# Relieve my anxiety with the NREMT...



## highvelocity84 (Oct 29, 2008)

In my EMT class, we get the written quizzes and we can start whereever we like.  Beginning, last question.

In reality - the NREMT, it is a computer based test.  You get one question, that's it.  You get to sit there, read it, and answer it.  No going back once you submit your answer.

I get test anxiety.  I feel like that if I can't answer the first question with confidence, it brings down my self-esteem.  I know the material.

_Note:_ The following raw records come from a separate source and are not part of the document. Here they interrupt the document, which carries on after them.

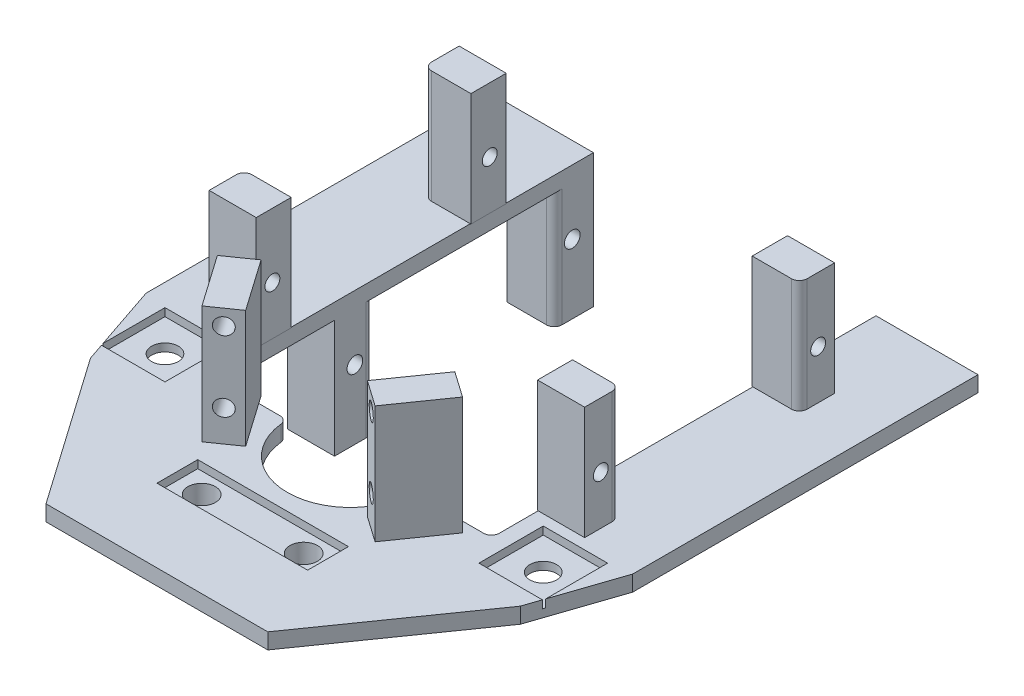
from build123d import *

# Parameters (mm, degrees)
EXTRUDE_1_DEPTH      = 2
CUT_EXTRUDE_1_DEPTH  = 2
SKETCH_3_W           = 3
SKETCH_3_H           = 3
EXTRUDE_2_DEPTH      = 12
EXTRUDE_3_DEPTH      = 15
SKETCH_5_R           = 0.75
CUT_EXTRUDE_2_DEPTH  = 12
SKETCH_6_R           = 1.05
CUT_EXTRUDE_3_DEPTH  = 12
SKETCH_7_W           = 26
SKETCH_7_H           = 60
EXTRUDE_4_DEPTH      = 2
SKETCH_8_W           = 6
SKETCH_8_H           = 4.457179677
SKETCH_8_H_2         = 4.5
EXTRUDE_5_DEPTH      = 14.4
SKETCH_9_R           = 0.95
CUT_EXTRUDE_4_DEPTH  = 14.4
SKETCH_10_W          = 26
SKETCH_10_H          = 8
EXTRUDE_6_DEPTH      = 2
SKETCH_11_W          = 4.5
SKETCH_11_H          = 4.5
EXTRUDE_7_DEPTH      = 14.4
SKETCH_12_R          = 0.95
CUT_EXTRUDE_5_DEPTH  = 14.4
SKETCH_13_W          = 4.5
SKETCH_13_H          = 4.5
CUT_EXTRUDE_6_DEPTH  = 14.4
SKETCH_15_R          = 1.75
CUT_EXTRUDE_8_DEPTH  = 12
SKETCH_14_W          = 3
SKETCH_14_H          = 3
CUT_EXTRUDE_9_DEPTH  = 12
CUT_EXTRUDE_11_DEPTH = 10
CUT_EXTRUDE_13_DEPTH = 5
SKETCH_22_W          = 8.2
SKETCH_22_H          = 8.2
CUT_EXTRUDE_15_DEPTH = 1
SKETCH_23_W          = 10
SKETCH_23_H          = 49
CUT_EXTRUDE_16_DEPTH = 10
FILLET_4_R           = 1
SKETCH_24_W          = 19.2
SKETCH_24_H          = 5.2
CUT_EXTRUDE_17_DEPTH = 1
EXTRUDE_START        = -1
SKETCH_25_W          = 21.2
SKETCH_25_H          = 7.2
SKETCH_25_R          = 1.75
EXTRUDE_10_DEPTH     = 2
FILLET_5_R           = 1
CUT_EXTRUDE_18_DEPTH = 10
CUT_EXTRUDE_19_DEPTH = 10
FILLET_7_R           = 1
EXTRUDE_12_DEPTH     = 6
SKETCH_34_R          = 1
CUT_EXTRUDE_24_DEPTH = 10
FILLET_9_R           = 1
SKETCH_31_W          = 28.262434414
SKETCH_31_H          = 5.377761842
CUT_EXTRUDE_22_DEPTH = 10
SKETCH_32_R          = 1.7
CUT_EXTRUDE_23_DEPTH = 10


with BuildPart() as part:
    # 草图1 → 凸台-拉伸1 (new body)
    with BuildSketch(Plane(origin=(0, 0, 0), x_dir=(1, 0, 0), z_dir=(0, 1, 0))):
        with BuildLine():
            Line((5, 0), (31, 0))
            Line((31, 0), (31, -12.266105287))
            Line((31, -12.266105287), (17.561663747, -40))
            Line((17.561663747, -40), (-17.561663747, -40))
            Line((-17.561663747, -40), (-31, -12.266105287))
            Line((-31, -12.266105287), (-31, 0))
            Line((-31, 0), (-5, 0))
            Line((-5, 0), (-5, -5))
            ThreePointArc((-5, -5), (0, -10), (5, -5))
            Line((5, -5), (5, 0))
        make_face()
    extrude(amount=EXTRUDE_1_DEPTH)

    # 草图2 → 切除-拉伸1 (cut)
    with BuildSketch(Plane.XZ):
        Polygon((-31, 0), (-24.370648345, 19.60824232), (-13.01326486, 35.515995577), (-4.410164775, 40), (-17.561663747, 40), (-31, 12.266105287), align=None)
    cut_extrude_1 = extrude(amount=-CUT_EXTRUDE_1_DEPTH, mode=Mode.SUBTRACT)

    # 镜向1: 切除-拉伸1 across plane
    add(cut_extrude_1.mirror(Plane(origin=(0, 0, 0), x_dir=(0, 0, 1), z_dir=(1, 0, 0))), mode=Mode.SUBTRACT)

    # 草图3 → 凸台-拉伸2 (add)
    with BuildSketch(Plane(origin=(0, 2, 0), x_dir=(1, 0, 0), z_dir=(0, 1, 0))):
        with Locations((0.264476572, -30.687696452)):
            Rectangle(SKETCH_3_W, SKETCH_3_H)
    extrude(amount=EXTRUDE_2_DEPTH)

    # 草图4 → 凸台-拉伸3 (add)
    with BuildSketch(Plane(origin=(0, 2, 0), x_dir=(1, 0, 0), z_dir=(0, 1, 0))):
        Polygon((12.4652939, -10.808762302), (14.186023209, -8.35130617), (15.6199643, -6.303426059), (12.343356123, -4.009120313), (10.909415032, -6.057000424), (9.188685723, -8.514456557), (7.754744632, -10.562336668), (11.031352809, -12.856642413), align=None)
    extrude_3 = extrude(amount=EXTRUDE_3_DEPTH)

    # 草图5 → 切除-拉伸2 (cut)
    with BuildSketch(Plane.ZY.offset(1.235523428)):
        with Locations((30.687696452, 11.5)):
            Circle(SKETCH_5_R)
        with Locations((30.687696452, 4.5)):
            Circle(SKETCH_5_R)
    extrude(amount=-CUT_EXTRUDE_2_DEPTH, mode=Mode.SUBTRACT)

    # 草图6 → 切除-拉伸3 (cut)
    with BuildSketch(Plane(origin=(25.938855932, 0, 23.294988476), x_dir=(0.8191520442889928, 0, 0.5735764363510446), z_dir=(-0.5735764363510446, 0, 0.8191520442889928))):
        with Locations((-20.198700994, 15)):
            Circle(SKETCH_6_R)
        with Locations((-20.198700994, 6)):
            Circle(SKETCH_6_R)
    cut_extrude_3 = extrude(amount=-CUT_EXTRUDE_3_DEPTH, mode=Mode.SUBTRACT)

    # 镜向2: 凸台-拉伸3, 切除-拉伸3 across plane
    add(extrude_3.mirror(Plane(origin=(0, 0, 0), x_dir=(0, 0, 1), z_dir=(1, 0, 0))))
    add(cut_extrude_3.mirror(Plane(origin=(0, 0, 0), x_dir=(0, 0, 1), z_dir=(1, 0, 0))), mode=Mode.SUBTRACT)

    # 草图7 → 凸台-拉伸4 (add)
    with BuildSketch(Plane(origin=(0, 2, 0), x_dir=(1, 0, 0), z_dir=(0, 1, 0))):
        with Locations((-18, 30)):
            Rectangle(SKETCH_7_W, SKETCH_7_H)
        with Locations((18, 30)):
            Rectangle(SKETCH_7_W, SKETCH_7_H)
    extrude(amount=-EXTRUDE_4_DEPTH)

    # 草图8 → 凸台-拉伸5 (add)
    with BuildSketch(Plane(origin=(0, 2, 0), x_dir=(1, 0, 0), z_dir=(0, 1, 0))):
        with Locations((20.92336727, 3.180021452)):
            Rectangle(SKETCH_8_W, SKETCH_8_H)
        with Locations((20.92336727, 30.55861129)):
            Rectangle(SKETCH_8_W, SKETCH_8_H_2)
    extrude_5 = extrude(amount=EXTRUDE_5_DEPTH)

    # 草图9 → 切除-拉伸4 (cut)
    with BuildSketch(Plane(origin=(31, 0, 0), x_dir=(0, 0, -1), z_dir=(1, 0, 0))):
        with Locations((3.00861129, 8.2)):
            Circle(SKETCH_9_R)
        with Locations((30.70861129, 8.2)):
            Circle(SKETCH_9_R)
    cut_extrude_4 = extrude(amount=-CUT_EXTRUDE_4_DEPTH, mode=Mode.SUBTRACT)

    # 镜向3: 凸台-拉伸5, 切除-拉伸4 across plane
    add(extrude_5.mirror(Plane(origin=(0, 0, 0), x_dir=(0, 0, 1), z_dir=(1, 0, 0))))
    add(cut_extrude_4.mirror(Plane(origin=(0, 0, 0), x_dir=(0, 0, 1), z_dir=(1, 0, 0))), mode=Mode.SUBTRACT)

    # 草图10 → 凸台-拉伸6 (add)
    with BuildSketch(Plane(origin=(0, 2, 0), x_dir=(1, 0, 0), z_dir=(0, 1, 0))):
        with Locations((-18, 64)):
            Rectangle(SKETCH_10_W, SKETCH_10_H)
        Polygon((5, 60), (5, 68), (30.798641436, 68), (31, 60), align=None)
    extrude(amount=-EXTRUDE_6_DEPTH)

    # 草图11 → 凸台-拉伸7 (add)
    with BuildSketch(Plane(origin=(0, 2, 0), x_dir=(1, 0, 0), z_dir=(0, 1, 0))):
        with Locations((18.529999999, 37.05861129)):
            Rectangle(SKETCH_11_W, SKETCH_11_H)
        with Locations((18.529999999, 64.45861129)):
            Rectangle(SKETCH_11_W, SKETCH_11_H)
    extrude(amount=EXTRUDE_7_DEPTH)

    # 草图12 → 切除-拉伸5 (cut)
    with BuildSketch(Plane.ZY.offset(-16.279999999)):
        with Locations((-36.90861129, 8.2)):
            Circle(SKETCH_12_R)
        with Locations((-64.60861129, 8.2)):
            Circle(SKETCH_12_R)
    extrude(amount=-CUT_EXTRUDE_5_DEPTH, mode=Mode.SUBTRACT)

    # 草图13 → 切除-拉伸6 (cut)
    with BuildSketch(Plane(origin=(0, 16.4, 0), x_dir=(1, 0, 0), z_dir=(0, 1, 0))):
        with Locations((18.529999999, 37.05861129)):
            Rectangle(SKETCH_13_W, SKETCH_13_H)
        with Locations((18.529999999, 64.45861129)):
            Rectangle(SKETCH_13_W, SKETCH_13_H)
    extrude(amount=-CUT_EXTRUDE_6_DEPTH, mode=Mode.SUBTRACT)

    # 草图15 → 切除-拉伸8 (cut)
    with BuildSketch(Plane(origin=(0, 2, 0), x_dir=(1, 0, 0), z_dir=(0, 1, 0))):
        with Locations(Location((-6.235523428, -17.687696452, 0), (0, 0, 270))):
            Circle(SKETCH_15_R)
        with Locations(Location((6.764476572, -17.687696452, 0), (0, 0, 270))):
            Circle(SKETCH_15_R)
    extrude(amount=-CUT_EXTRUDE_8_DEPTH, mode=Mode.SUBTRACT)

    # 草图14 → 切除-拉伸9 (cut)
    with BuildSketch(Plane(origin=(0, 14, 0), x_dir=(1, 0, 0), z_dir=(0, 1, 0))):
        with Locations((0.264476572, -30.687696452)):
            Rectangle(SKETCH_14_W, SKETCH_14_H)
    extrude(amount=-CUT_EXTRUDE_9_DEPTH, mode=Mode.SUBTRACT)

    # 草图17 → 切除-拉伸11 (cut)
    with BuildSketch(Plane.XZ):
        Polygon((-20.533375452, -44), (-31, -44), (-37, -44), (-37, -68), (-31, -68), (30.798641436, -68), (38, -68), (38, -44), (31, -44), align=None)
    extrude(amount=-CUT_EXTRUDE_11_DEPTH, mode=Mode.SUBTRACT)

    # 草图20 → 切除-拉伸13 (cut, symmetric)
    with BuildSketch(Plane.XZ):
        with BuildLine():
            Line((5, -44), (8, -44))
            Line((8, -44), (8, 5))
            ThreePointArc((8, 5), (0, 13), (-8, 5))
            Line((-8, 5), (-8, -44))
            Line((-8, -44), (5, -44))
        make_face()
    extrude(amount=CUT_EXTRUDE_13_DEPTH, both=True, mode=Mode.SUBTRACT)

    # 草图22 → 切除-拉伸15 (cut)
    with BuildSketch(Plane(origin=(0, 2, 0), x_dir=(1, 0, 0), z_dir=(0, 1, 0))):
        with Locations((24.1, -4.499009955)):
            Rectangle(SKETCH_22_W, SKETCH_22_H)
        with Locations((-24.1, -4.499009955)):
            Rectangle(SKETCH_22_W, SKETCH_22_H)
    extrude(amount=-CUT_EXTRUDE_15_DEPTH, mode=Mode.SUBTRACT)

    # 草图23 → 切除-拉伸16 (cut)
    with BuildSketch(Plane(origin=(0, 2, 0), x_dir=(1, 0, 0), z_dir=(0, 1, 0))):
        with Locations((13, 19.5)):
            Rectangle(SKETCH_23_W, SKETCH_23_H)
    cut_extrude_16 = extrude(amount=-CUT_EXTRUDE_16_DEPTH, mode=Mode.SUBTRACT)

    # 镜向6: 切除-拉伸16 across plane
    add(cut_extrude_16.mirror(Plane(origin=(0, 0, 0), x_dir=(0, 0, 1), z_dir=(1, 0, 0))), mode=Mode.SUBTRACT)

    # 圆角4
    fillet_4_edges = [part.edges().sort_by_distance(p)[0] for p in [
        (-8, 1, 5),
        (8, 1, 5),
        (18, 1, 5),
        (-18, 1, 5),
    ]]
    fillet(fillet_4_edges, radius=FILLET_4_R)

    # 草图24 → 切除-拉伸17 (cut)
    with BuildSketch(Plane(origin=(0, 2, 0), x_dir=(1, 0, 0), z_dir=(0, 1, 0))):
        with Locations((0.264476572, -17.687625884)):
            Rectangle(SKETCH_24_W, SKETCH_24_H)
    extrude(amount=-CUT_EXTRUDE_17_DEPTH, mode=Mode.SUBTRACT)

    # 草图25 → 凸台-拉伸10 (add)
    with BuildSketch(Plane(origin=(0, 1, 0), x_dir=(1, 0, 0), z_dir=(0, 1, 0)).offset(EXTRUDE_START)):
        with Locations((0.264476572, -17.687625884)):
            Rectangle(SKETCH_25_W, SKETCH_25_H)
        with Locations(Location((-6.235523428, -17.687696452, 0), (0, 0, 270))):
            Circle(SKETCH_25_R, mode=Mode.SUBTRACT)
        with Locations(Location((6.764476572, -17.687696452, 0), (0, 0, 270))):
            Circle(SKETCH_25_R, mode=Mode.SUBTRACT)
    extrude(amount=-EXTRUDE_10_DEPTH)

    # 圆角5
    fillet_5_edges = [part.edges().sort_by_distance(p)[0] for p in [
        (10.864476572, -1, 14.087625884),
        (10.864476572, -1, 21.287625884),
        (-10.335523428, -1, 21.287625884),
        (-10.335523428, -1, 14.087625884),
    ]]
    fillet(fillet_5_edges, radius=FILLET_5_R)

    # 草图26 → 切除-拉伸18 (cut)
    with BuildSketch(Plane(origin=(0, 2, 0), x_dir=(1, 0, 0), z_dir=(0, 1, 0))):
        with BuildLine():
            Line((-35.006467671, 0), (-35.006467671, -42.039018824))
            Line((-35.006467671, -42.039018824), (35.006467671, -42.039018824))
            Line((35.006467671, -42.039018824), (35.006467671, 0))
            ThreePointArc((35.006467671, 0), (0, -35.006467671), (-35.006467671, 0))
        make_face()
    extrude(amount=-CUT_EXTRUDE_18_DEPTH, mode=Mode.SUBTRACT)

    # 草图27 → 切除-拉伸19 (cut)
    with BuildSketch(Plane(origin=(0, 2, 0), x_dir=(1, 0, 0), z_dir=(0, 1, 0))):
        Polygon((-27.379819186, -10.707741319), (-14.131217207, -29.628705829), (-14.131217207, -32.027511284), (-27.379819186, -32.027511284), align=None)
    cut_extrude_19 = extrude(amount=-CUT_EXTRUDE_19_DEPTH, mode=Mode.SUBTRACT)

    # 镜向4: 切除-拉伸19 across plane
    add(cut_extrude_19.mirror(Plane(origin=(0, 0, 0), x_dir=(0, 0, 1), z_dir=(1, 0, 0))), mode=Mode.SUBTRACT)

    # 圆角7
    fillet_7_edges = [part.edges().sort_by_distance(p)[0] for p in [
        (23.92336727, 9.2, -5.40861129),
        (23.92336727, 9.2, -28.30861129),
        (-23.92336727, 9.2, -5.40861129),
        (-23.92336727, 9.2, -28.30861129),
    ]]
    fillet(fillet_7_edges, radius=FILLET_7_R)

    # 草图33 → 凸台-拉伸12 (add)
    with BuildSketch(Plane.ZY.offset(24)):
        Polygon((-44, 0), (-44, -15), (-39, -15), (-39, 0), (-39, 2), (-44, 2), align=None)
        Polygon((-16, 0), (-16, -15), (-11, -15), (-11, 0), (-11, 2), (-16, 2), align=None)
    extrude(amount=-EXTRUDE_12_DEPTH)

    # 草图34 → 切除-拉伸24 (cut)
    with BuildSketch(Plane(origin=(-18, 0, 0), x_dir=(0, 0, -1), z_dir=(1, 0, 0))):
        with Locations((13.6, -6.2)):
            Circle(SKETCH_34_R)
        with Locations((41.3, -6.2)):
            Circle(SKETCH_34_R)
    extrude(amount=-CUT_EXTRUDE_24_DEPTH, mode=Mode.SUBTRACT)

    # 圆角9
    fillet_9_edges = [part.edges().sort_by_distance(p)[0] for p in [
        (-18, -7.5, -39),
        (-18, -7.5, -16),
    ]]
    fillet(fillet_9_edges, radius=FILLET_9_R)

    # 草图31 → 切除-拉伸22 (cut)
    with BuildSketch(Plane(origin=(0, 2, 0), x_dir=(1, 0, 0), z_dir=(0, 1, 0))):
        with Locations((0, -32.31758675)):
            Rectangle(SKETCH_31_W, SKETCH_31_H)
    extrude(amount=-CUT_EXTRUDE_22_DEPTH, mode=Mode.SUBTRACT)

    # 草图32 → 切除-拉伸23 (cut)
    with BuildSketch(Plane(origin=(0, 1, 0), x_dir=(1, 0, 0), z_dir=(0, 1, 0))):
        with Locations(Location((-24.1, -4.499009955, 0), (0, 0, 270))):
            Circle(SKETCH_32_R)
        with Locations(Location((24.1, -4.499009955, 0), (0, 0, 270))):
            Circle(SKETCH_32_R)
    extrude(amount=-CUT_EXTRUDE_23_DEPTH, mode=Mode.SUBTRACT)


solid = part.part

If there was a way to pull out keywords to get the right answer...or a way for me to read the question to not get the anxiety.  I over-read the question.  I think I'm taking care of airway and there's a step before I'm getting.  Or something like that.  I bought "EMT BASIC EXAM" by Learning Express and it's already helped me ID some things I need to learn.  But I'm up for any help.


----------



## tydek07 (Oct 29, 2008)

*My 2-Cents*

Hi, first off... Welcome to EMTlife 

One of the big things to remember, is to *not* over read the questions. You said that you usually have a problem with that... so would recommend working on that, which it sounds like you are. 

But at the same time (of not over reading) you *need* to read every answer choice and start ruling out. Usually the NR has 2 "right" answers... so you need to make the decision on which right answer is right :unsure: lol

What helped me was just practice practice practice. Finding books/websites that have the questions set up as the NR does.

Also remember that they give you *more then enough* time to complete the test. 

Take Care,


----------



## Ridryder911 (Oct 29, 2008)

Here's what an old educator recommends: I always tell me students to read the question three times.

Once without any affect (expression) at all. 

Second with a little expression, looking for key points such as _detractors, emphasis, key words, exclusions  _.. these are sometimes described in the question as : _*most correct, all but the following, except, which is not correct, is not, most appropriate,*_ etc.

Third the longest answer.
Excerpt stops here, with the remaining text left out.